Recorded data:

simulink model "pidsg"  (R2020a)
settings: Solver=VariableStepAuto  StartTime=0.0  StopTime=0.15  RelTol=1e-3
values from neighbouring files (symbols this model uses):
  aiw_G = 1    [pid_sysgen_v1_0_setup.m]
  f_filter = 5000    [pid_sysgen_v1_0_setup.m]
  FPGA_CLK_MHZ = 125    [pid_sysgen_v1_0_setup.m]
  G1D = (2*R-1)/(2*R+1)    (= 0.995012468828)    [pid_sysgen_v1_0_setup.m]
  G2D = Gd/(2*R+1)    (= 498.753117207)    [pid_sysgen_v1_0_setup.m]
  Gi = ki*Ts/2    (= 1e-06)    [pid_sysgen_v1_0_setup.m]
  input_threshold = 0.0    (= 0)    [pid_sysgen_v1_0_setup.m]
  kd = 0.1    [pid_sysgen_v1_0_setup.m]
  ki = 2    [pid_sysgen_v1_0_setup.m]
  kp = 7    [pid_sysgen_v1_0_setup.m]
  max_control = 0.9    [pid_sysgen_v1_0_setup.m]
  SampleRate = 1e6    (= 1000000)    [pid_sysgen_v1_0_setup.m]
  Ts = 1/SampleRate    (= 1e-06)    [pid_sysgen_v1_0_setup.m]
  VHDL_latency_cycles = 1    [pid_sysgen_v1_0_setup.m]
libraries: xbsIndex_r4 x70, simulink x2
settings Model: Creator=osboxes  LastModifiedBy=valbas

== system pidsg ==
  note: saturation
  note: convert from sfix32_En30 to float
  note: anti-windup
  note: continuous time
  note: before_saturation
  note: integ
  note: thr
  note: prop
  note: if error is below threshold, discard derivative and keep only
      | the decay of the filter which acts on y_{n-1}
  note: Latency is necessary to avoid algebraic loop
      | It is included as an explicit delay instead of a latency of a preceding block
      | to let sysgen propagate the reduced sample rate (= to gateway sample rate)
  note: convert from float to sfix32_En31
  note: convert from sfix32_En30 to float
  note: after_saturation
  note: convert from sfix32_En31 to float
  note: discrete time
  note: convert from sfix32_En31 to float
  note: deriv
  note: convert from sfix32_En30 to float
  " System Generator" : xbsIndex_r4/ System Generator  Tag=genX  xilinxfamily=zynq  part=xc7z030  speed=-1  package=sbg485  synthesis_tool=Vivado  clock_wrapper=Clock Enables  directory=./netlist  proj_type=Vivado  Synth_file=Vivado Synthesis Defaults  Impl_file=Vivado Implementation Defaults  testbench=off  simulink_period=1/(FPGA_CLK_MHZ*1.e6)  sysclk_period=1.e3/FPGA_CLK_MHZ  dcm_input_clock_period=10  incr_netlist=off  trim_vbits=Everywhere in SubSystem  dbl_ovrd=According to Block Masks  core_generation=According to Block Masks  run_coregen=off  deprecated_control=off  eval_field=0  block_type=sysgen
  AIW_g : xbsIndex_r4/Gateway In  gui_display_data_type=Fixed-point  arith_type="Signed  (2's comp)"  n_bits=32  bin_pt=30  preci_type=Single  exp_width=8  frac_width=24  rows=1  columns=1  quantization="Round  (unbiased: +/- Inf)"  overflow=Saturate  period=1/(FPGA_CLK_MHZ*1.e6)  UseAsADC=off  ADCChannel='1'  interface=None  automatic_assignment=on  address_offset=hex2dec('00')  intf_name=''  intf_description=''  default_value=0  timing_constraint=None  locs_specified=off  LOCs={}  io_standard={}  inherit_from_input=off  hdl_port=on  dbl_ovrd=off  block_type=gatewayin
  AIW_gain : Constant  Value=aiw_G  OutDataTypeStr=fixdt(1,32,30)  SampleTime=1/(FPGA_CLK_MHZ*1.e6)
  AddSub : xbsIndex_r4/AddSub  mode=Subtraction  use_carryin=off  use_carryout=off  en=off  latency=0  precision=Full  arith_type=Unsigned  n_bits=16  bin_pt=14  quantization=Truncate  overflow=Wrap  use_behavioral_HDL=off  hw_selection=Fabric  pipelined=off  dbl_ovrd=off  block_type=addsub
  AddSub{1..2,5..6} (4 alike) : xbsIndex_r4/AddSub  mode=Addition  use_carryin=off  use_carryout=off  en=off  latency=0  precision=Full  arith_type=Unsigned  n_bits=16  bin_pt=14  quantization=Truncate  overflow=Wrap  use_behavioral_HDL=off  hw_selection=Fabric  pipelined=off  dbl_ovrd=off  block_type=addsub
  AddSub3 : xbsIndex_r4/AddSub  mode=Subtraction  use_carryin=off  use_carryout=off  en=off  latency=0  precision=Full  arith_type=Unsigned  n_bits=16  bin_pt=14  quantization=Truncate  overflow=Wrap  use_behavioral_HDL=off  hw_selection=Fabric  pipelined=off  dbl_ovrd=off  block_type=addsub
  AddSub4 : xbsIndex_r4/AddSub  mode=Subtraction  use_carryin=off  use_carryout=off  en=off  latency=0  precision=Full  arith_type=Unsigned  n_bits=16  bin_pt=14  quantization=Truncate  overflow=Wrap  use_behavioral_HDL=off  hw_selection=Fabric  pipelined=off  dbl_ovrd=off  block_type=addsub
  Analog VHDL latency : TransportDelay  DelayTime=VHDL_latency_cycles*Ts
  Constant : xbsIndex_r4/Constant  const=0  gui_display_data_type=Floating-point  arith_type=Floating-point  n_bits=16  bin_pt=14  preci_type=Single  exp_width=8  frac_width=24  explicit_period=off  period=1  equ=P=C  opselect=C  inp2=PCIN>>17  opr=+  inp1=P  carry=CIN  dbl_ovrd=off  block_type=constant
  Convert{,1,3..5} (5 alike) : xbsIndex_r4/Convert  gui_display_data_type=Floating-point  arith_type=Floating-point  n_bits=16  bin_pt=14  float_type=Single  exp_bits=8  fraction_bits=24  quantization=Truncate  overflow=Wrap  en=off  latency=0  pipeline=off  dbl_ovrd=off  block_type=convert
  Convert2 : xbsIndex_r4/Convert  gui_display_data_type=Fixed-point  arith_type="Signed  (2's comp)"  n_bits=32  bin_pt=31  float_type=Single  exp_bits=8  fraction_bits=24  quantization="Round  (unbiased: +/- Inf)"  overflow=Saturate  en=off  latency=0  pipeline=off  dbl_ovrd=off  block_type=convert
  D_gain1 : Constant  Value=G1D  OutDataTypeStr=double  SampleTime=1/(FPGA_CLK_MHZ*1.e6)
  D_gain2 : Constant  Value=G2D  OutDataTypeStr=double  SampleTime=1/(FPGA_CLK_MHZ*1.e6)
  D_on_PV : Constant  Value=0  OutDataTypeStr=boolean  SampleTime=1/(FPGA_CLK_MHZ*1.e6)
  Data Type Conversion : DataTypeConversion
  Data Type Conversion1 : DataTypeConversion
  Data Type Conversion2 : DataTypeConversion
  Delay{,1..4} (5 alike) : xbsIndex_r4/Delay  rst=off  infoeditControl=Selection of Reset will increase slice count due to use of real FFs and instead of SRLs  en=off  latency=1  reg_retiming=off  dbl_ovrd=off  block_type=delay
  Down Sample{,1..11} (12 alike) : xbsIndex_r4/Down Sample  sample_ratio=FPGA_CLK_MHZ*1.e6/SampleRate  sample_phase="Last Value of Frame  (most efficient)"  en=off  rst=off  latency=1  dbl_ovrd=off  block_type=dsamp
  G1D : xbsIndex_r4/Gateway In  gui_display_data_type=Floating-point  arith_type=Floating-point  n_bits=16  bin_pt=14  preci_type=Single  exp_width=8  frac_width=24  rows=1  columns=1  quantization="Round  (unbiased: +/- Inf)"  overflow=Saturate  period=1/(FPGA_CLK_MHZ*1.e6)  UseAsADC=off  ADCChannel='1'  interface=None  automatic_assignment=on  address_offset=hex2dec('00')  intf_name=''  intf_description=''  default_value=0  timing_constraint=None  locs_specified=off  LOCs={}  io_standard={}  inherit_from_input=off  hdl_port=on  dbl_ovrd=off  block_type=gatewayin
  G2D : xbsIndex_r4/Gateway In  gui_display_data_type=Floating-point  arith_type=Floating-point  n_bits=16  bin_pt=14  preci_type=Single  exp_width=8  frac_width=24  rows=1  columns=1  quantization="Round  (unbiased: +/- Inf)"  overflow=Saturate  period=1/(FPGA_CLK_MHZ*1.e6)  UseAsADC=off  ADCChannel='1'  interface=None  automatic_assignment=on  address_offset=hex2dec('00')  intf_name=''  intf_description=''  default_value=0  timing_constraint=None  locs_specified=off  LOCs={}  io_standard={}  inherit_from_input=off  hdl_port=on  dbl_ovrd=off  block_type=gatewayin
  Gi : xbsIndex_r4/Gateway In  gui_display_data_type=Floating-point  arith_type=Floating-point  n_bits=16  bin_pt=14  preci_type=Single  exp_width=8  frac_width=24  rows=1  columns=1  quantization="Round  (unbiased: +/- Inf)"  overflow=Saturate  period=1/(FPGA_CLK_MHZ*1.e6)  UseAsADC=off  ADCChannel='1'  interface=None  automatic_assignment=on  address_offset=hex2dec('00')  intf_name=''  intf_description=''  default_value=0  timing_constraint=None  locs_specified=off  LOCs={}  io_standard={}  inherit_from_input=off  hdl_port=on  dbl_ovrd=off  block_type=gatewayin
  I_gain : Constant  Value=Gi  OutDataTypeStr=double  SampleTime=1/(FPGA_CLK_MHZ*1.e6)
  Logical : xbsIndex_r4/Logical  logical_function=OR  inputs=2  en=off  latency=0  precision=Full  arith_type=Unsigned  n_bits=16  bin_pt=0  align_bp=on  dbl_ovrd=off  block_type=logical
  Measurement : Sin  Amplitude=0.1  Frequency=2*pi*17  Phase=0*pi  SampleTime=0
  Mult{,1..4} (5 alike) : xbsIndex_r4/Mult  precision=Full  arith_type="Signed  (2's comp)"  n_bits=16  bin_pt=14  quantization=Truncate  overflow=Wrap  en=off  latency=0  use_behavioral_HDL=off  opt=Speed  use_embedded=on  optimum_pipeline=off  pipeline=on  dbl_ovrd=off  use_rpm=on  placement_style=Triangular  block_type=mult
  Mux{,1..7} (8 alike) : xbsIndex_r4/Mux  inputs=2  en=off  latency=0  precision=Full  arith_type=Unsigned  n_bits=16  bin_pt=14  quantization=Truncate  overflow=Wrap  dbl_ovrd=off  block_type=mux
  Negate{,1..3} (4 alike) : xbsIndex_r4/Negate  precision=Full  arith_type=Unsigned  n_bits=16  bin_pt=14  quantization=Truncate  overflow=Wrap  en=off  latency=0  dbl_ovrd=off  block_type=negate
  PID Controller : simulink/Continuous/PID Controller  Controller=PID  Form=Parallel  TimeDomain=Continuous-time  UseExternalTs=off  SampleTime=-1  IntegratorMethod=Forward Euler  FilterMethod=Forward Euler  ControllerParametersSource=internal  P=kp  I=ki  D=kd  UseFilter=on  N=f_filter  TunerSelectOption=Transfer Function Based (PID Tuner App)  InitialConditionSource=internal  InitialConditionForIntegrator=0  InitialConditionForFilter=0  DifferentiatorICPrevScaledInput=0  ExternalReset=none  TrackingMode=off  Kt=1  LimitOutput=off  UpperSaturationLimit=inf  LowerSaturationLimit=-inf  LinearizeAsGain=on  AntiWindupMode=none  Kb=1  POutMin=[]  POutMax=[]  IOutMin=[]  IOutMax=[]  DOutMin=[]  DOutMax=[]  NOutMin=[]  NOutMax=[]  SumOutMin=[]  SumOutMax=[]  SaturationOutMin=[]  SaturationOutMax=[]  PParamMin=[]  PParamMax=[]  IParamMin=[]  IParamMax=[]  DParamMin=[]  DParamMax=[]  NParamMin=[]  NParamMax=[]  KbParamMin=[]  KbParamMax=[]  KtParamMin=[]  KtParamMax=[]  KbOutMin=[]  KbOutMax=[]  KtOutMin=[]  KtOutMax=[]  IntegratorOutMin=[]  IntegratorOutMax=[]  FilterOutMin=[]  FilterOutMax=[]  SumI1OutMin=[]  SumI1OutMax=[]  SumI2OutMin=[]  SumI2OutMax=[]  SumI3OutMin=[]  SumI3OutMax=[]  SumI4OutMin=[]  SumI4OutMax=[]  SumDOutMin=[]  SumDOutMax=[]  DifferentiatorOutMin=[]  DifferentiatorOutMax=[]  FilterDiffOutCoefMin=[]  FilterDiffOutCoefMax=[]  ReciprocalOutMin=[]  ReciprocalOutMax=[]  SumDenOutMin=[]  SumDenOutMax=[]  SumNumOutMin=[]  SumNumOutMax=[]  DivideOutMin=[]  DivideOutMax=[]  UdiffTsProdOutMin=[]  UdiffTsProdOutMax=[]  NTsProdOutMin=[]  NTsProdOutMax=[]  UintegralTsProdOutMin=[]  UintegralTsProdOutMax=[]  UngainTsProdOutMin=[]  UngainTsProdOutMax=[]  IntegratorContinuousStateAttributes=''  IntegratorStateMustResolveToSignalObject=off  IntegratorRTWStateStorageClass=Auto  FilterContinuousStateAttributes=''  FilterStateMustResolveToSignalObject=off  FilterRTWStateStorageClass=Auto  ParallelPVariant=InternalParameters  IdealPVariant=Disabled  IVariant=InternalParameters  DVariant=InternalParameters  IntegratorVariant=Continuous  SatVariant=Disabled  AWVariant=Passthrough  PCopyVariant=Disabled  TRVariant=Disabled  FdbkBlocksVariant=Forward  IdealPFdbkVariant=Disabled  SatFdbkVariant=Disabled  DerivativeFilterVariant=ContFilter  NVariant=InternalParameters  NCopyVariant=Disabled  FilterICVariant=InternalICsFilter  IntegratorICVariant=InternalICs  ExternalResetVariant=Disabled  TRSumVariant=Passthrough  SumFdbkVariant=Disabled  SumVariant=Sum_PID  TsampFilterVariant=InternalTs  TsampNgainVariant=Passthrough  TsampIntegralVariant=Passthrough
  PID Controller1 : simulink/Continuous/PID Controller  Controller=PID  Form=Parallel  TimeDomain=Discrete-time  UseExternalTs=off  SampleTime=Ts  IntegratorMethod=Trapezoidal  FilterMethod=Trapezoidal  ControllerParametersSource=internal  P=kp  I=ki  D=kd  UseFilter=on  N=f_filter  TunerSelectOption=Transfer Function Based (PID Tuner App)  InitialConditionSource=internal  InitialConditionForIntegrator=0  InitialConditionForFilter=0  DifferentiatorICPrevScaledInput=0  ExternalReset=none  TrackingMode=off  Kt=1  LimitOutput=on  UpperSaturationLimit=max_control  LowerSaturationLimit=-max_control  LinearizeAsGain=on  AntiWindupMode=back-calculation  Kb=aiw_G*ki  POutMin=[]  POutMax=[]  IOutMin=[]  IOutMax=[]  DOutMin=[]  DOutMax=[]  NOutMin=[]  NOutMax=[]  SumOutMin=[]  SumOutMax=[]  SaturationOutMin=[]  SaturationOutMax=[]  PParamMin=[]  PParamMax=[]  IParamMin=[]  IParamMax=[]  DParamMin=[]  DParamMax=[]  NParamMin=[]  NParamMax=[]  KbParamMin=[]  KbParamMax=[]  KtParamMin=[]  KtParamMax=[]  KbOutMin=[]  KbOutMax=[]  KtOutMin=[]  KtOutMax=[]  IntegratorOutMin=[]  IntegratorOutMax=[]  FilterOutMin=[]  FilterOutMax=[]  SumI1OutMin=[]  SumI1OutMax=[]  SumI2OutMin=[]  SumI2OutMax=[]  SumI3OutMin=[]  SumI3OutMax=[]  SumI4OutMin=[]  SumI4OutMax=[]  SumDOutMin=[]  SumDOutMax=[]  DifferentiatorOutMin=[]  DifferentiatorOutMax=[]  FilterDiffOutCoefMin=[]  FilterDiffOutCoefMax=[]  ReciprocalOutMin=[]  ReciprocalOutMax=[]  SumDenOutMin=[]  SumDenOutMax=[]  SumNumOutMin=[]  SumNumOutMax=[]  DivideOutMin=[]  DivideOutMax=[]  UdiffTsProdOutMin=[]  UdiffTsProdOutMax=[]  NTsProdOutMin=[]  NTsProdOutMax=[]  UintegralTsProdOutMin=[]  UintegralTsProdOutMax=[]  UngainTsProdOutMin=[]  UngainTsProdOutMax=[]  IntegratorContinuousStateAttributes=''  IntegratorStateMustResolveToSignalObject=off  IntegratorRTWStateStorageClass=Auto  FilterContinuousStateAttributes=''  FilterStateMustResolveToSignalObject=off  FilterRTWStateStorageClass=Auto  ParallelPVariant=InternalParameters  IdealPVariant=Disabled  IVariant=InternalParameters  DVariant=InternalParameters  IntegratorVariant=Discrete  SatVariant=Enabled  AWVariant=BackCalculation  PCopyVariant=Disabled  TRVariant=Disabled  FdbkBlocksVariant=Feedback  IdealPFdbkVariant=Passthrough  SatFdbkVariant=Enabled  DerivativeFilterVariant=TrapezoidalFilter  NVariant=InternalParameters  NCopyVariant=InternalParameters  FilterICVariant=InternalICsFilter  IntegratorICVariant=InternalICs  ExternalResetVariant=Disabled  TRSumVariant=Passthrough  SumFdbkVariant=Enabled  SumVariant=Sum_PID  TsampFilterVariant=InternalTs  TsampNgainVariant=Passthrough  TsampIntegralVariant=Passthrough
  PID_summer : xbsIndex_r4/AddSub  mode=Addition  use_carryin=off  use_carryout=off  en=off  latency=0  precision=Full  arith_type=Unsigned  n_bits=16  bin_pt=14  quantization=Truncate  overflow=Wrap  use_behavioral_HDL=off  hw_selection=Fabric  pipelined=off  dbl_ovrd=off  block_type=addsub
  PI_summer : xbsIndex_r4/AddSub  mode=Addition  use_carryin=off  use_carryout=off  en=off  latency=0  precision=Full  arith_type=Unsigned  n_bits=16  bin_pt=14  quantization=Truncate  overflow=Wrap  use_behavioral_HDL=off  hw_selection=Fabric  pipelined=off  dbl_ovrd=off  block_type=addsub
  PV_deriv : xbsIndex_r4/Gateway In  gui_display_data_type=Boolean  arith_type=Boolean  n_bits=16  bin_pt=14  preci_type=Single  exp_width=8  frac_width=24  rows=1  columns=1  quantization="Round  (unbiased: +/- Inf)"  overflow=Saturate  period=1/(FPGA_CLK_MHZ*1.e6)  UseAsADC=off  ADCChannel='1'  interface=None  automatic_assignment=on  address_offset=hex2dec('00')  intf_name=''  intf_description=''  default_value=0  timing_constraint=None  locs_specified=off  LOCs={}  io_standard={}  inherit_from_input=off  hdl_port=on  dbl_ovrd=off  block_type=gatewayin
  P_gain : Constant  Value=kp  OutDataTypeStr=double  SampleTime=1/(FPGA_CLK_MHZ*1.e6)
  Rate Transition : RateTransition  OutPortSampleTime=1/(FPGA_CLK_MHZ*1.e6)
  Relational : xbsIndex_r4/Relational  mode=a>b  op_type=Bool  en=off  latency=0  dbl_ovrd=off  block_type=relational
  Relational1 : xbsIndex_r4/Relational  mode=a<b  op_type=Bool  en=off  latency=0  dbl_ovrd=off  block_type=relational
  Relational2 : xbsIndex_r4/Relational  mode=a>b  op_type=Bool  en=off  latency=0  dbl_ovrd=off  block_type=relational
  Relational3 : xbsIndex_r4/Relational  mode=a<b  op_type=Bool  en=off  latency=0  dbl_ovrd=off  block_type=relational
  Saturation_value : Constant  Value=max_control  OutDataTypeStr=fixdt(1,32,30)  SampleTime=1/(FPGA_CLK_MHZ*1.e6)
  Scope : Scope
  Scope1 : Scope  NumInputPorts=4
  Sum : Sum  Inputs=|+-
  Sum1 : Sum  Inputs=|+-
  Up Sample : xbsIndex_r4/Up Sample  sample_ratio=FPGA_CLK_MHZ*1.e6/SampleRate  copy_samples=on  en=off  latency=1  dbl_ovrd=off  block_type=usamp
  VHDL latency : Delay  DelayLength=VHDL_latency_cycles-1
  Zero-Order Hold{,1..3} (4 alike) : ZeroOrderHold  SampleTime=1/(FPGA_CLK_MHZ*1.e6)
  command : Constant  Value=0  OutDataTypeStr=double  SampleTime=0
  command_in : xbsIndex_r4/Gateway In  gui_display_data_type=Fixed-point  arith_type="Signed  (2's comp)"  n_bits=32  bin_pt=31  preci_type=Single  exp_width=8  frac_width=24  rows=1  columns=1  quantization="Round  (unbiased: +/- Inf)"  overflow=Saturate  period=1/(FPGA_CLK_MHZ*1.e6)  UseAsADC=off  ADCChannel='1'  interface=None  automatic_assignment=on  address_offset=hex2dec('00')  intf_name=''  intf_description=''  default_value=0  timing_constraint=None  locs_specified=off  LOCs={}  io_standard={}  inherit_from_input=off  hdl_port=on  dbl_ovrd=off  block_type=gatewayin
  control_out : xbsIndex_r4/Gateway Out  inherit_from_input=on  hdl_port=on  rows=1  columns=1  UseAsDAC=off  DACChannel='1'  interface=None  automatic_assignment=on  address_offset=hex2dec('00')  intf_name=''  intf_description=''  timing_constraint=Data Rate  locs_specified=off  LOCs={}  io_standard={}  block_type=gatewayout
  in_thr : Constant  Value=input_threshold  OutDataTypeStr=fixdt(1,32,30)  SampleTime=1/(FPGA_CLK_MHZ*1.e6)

Task instructions:
Word for word, restate the lines of the data above that fall between the line holding "the decay of" and the line holding "AddSub : xbsIndex_r4/AddSub", inclusive, and no other lines.

Output for this exercise:
      | the decay of the filter which acts on y_{n-1}
  note: Latency is necessary to avoid algebraic loop
      | It is included as an explicit delay instead of a latency of a preceding block
      | to let sysgen propagate the reduced sample rate (= to gateway sample rate)
  note: convert from float to sfix32_En31
  note: convert from sfix32_En30 to float
  note: after_saturation
  note: convert from sfix32_En31 to float
  note: discrete time
  note: convert from sfix32_En31 to float
  note: deriv
  note: convert from sfix32_En30 to float
  " System Generator" : xbsIndex_r4/ System Generator  Tag=genX  xilinxfamily=zynq  part=xc7z030  speed=-1  package=sbg485  synthesis_tool=Vivado  clock_wrapper=Clock Enables  directory=./netlist  proj_type=Vivado  Synth_file=Vivado Synthesis Defaults  Impl_file=Vivado Implementation Defaults  testbench=off  simulink_period=1/(FPGA_CLK_MHZ*1.e6)  sysclk_period=1.e3/FPGA_CLK_MHZ  dcm_input_clock_period=10  incr_netlist=off  trim_vbits=Everywhere in SubSystem  dbl_ovrd=According to Block Masks  core_generation=According to Block Masks  run_coregen=off  deprecated_control=off  eval_field=0  block_type=sysgen
  AIW_g : xbsIndex_r4/Gateway In  gui_display_data_type=Fixed-point  arith_type="Signed  (2's comp)"  n_bits=32  bin_pt=30  preci_type=Single  exp_width=8  frac_width=24  rows=1  columns=1  quantization="Round  (unbiased: +/- Inf)"  overflow=Saturate  period=1/(FPGA_CLK_MHZ*1.e6)  UseAsADC=off  ADCChannel='1'  interface=None  automatic_assignment=on  address_offset=hex2dec('00')  intf_name=''  intf_description=''  default_value=0  timing_constraint=None  locs_specified=off  LOCs={}  io_standard={}  inherit_from_input=off  hdl_port=on  dbl_ovrd=off  block_type=gatewayin
  AIW_gain : Constant  Value=aiw_G  OutDataTypeStr=fixdt(1,32,30)  SampleTime=1/(FPGA_CLK_MHZ*1.e6)
  AddSub : xbsIndex_r4/AddSub  mode=Subtraction  use_carryin=off  use_carryout=off  en=off  latency=0  precision=Full  arith_type=Unsigned  n_bits=16  bin_pt=14  quantization=Truncate  overflow=Wrap  use_behavioral_HDL=off  hw_selection=Fabric  pipelined=off  dbl_ovrd=off  block_type=addsub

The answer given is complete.